■ Activity ■
Nothing but the lines below, from the first through the line containing "doc.set_wipeout_variables(frame=1)", should be set down, each one exactly and without pictures.

■ Study material ■
══════════════════════════════

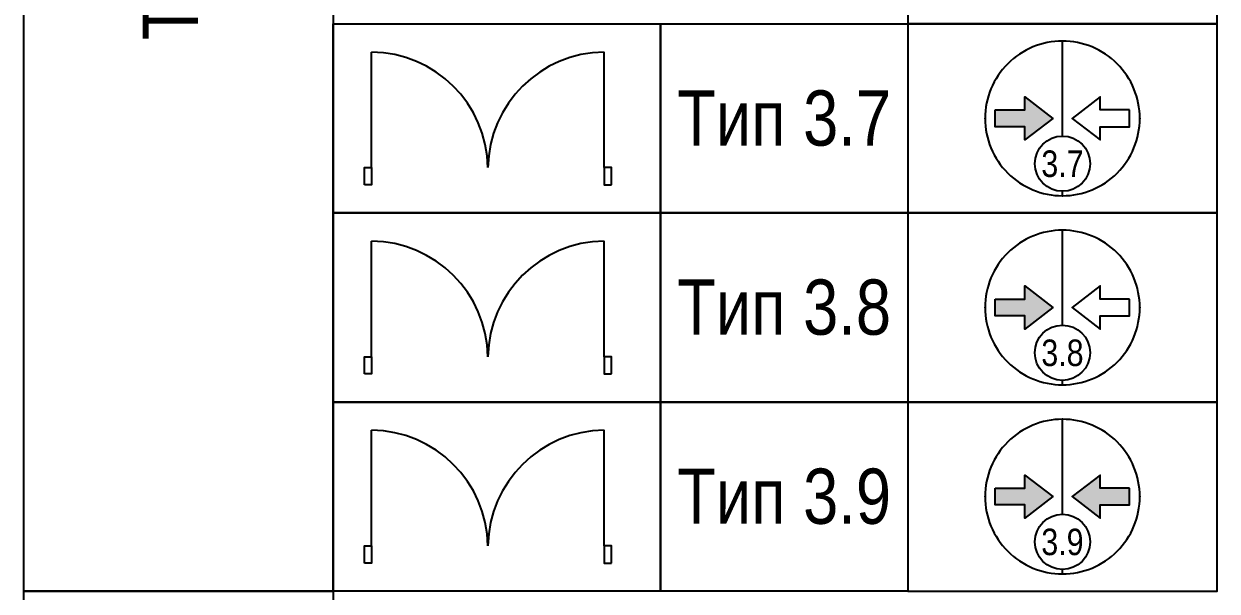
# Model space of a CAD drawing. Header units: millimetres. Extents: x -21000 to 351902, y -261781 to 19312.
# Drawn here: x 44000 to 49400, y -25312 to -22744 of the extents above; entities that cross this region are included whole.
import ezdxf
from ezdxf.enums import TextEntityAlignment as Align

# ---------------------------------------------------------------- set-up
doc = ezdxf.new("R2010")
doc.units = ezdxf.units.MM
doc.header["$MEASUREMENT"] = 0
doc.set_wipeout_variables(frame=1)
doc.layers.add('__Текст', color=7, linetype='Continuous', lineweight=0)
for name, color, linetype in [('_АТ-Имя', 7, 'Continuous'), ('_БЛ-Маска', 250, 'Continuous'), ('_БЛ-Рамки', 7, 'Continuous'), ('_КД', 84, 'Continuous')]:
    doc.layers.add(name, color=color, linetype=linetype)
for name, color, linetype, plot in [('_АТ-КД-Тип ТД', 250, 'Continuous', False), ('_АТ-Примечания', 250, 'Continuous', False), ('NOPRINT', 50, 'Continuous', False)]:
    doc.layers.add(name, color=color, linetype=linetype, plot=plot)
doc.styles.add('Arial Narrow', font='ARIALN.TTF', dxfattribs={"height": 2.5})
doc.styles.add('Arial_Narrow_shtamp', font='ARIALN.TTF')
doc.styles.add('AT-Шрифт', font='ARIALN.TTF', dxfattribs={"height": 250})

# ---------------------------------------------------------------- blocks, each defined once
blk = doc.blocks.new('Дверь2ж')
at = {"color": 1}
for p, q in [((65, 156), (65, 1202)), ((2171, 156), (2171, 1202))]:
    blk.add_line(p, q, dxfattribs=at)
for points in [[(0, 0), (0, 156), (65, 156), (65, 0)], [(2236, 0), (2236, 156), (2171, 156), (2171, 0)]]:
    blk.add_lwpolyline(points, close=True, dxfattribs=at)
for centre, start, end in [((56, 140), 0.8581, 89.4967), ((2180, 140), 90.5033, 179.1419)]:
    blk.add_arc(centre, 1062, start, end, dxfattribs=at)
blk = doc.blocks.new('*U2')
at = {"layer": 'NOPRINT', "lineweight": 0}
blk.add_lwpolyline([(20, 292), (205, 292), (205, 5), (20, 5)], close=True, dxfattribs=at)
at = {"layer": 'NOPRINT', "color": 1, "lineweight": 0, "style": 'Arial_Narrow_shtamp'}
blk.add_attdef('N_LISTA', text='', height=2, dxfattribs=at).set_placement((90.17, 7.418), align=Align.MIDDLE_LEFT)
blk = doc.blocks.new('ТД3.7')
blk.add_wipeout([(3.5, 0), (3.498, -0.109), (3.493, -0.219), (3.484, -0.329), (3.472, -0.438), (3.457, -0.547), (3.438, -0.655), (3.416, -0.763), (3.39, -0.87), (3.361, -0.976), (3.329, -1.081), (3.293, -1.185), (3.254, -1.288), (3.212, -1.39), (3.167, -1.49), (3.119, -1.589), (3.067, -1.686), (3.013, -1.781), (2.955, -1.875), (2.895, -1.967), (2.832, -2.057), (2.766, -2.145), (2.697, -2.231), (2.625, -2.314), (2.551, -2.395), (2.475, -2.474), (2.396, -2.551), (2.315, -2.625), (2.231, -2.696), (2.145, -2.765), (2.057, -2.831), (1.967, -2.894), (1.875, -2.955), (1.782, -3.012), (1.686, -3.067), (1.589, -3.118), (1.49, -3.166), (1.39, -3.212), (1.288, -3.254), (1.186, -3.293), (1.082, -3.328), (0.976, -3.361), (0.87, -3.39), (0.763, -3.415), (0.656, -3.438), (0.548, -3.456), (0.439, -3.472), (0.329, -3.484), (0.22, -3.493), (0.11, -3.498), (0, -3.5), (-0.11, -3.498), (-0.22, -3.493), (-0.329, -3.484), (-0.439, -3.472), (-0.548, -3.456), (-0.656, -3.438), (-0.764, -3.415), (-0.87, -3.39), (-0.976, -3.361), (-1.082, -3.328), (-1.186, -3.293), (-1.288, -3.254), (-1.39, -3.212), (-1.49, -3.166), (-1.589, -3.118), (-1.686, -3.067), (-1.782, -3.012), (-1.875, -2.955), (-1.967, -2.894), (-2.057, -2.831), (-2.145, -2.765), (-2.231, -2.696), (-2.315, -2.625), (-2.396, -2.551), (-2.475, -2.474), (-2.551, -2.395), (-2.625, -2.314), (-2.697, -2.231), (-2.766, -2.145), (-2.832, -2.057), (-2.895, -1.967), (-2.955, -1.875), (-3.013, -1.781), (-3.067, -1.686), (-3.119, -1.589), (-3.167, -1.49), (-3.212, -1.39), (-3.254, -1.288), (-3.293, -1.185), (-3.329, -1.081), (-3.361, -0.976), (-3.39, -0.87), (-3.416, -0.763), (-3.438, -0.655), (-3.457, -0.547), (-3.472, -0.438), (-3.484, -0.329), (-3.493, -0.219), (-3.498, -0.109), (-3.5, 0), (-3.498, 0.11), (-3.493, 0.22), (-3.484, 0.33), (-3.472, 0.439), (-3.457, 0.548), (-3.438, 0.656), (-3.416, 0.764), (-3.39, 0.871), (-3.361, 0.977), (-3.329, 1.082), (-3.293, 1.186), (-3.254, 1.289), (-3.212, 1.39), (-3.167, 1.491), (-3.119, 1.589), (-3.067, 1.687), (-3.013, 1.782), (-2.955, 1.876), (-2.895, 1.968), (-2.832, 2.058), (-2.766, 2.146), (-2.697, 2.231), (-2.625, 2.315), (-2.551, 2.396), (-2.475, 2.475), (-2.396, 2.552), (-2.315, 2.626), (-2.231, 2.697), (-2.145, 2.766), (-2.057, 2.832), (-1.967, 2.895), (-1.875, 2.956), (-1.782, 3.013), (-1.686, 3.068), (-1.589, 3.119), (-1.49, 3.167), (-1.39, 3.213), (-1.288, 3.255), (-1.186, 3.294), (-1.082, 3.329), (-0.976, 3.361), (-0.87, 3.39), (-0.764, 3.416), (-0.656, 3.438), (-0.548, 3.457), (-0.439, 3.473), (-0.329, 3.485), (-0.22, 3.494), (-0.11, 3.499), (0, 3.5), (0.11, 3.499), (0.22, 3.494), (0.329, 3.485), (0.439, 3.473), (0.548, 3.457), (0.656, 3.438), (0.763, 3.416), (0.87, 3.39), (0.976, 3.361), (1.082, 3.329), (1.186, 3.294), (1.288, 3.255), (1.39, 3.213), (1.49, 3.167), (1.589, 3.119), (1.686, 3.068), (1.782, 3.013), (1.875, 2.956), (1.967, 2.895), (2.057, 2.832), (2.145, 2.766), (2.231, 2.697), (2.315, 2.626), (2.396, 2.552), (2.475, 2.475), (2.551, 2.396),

══════════════════════════════

■ Written answer ■
# Model space of a CAD drawing. Header units: millimetres. Extents: x -21000 to 351902, y -261781 to 19312.
# Drawn here: x 44000 to 49400, y -25312 to -22744 of the extents above; entities that cross this region are included whole.
import ezdxf
from ezdxf.enums import TextEntityAlignment as Align

# ---------------------------------------------------------------- set-up
doc = ezdxf.new("R2010")
doc.units = ezdxf.units.MM
doc.header["$MEASUREMENT"] = 0
doc.set_wipeout_variables(frame=1)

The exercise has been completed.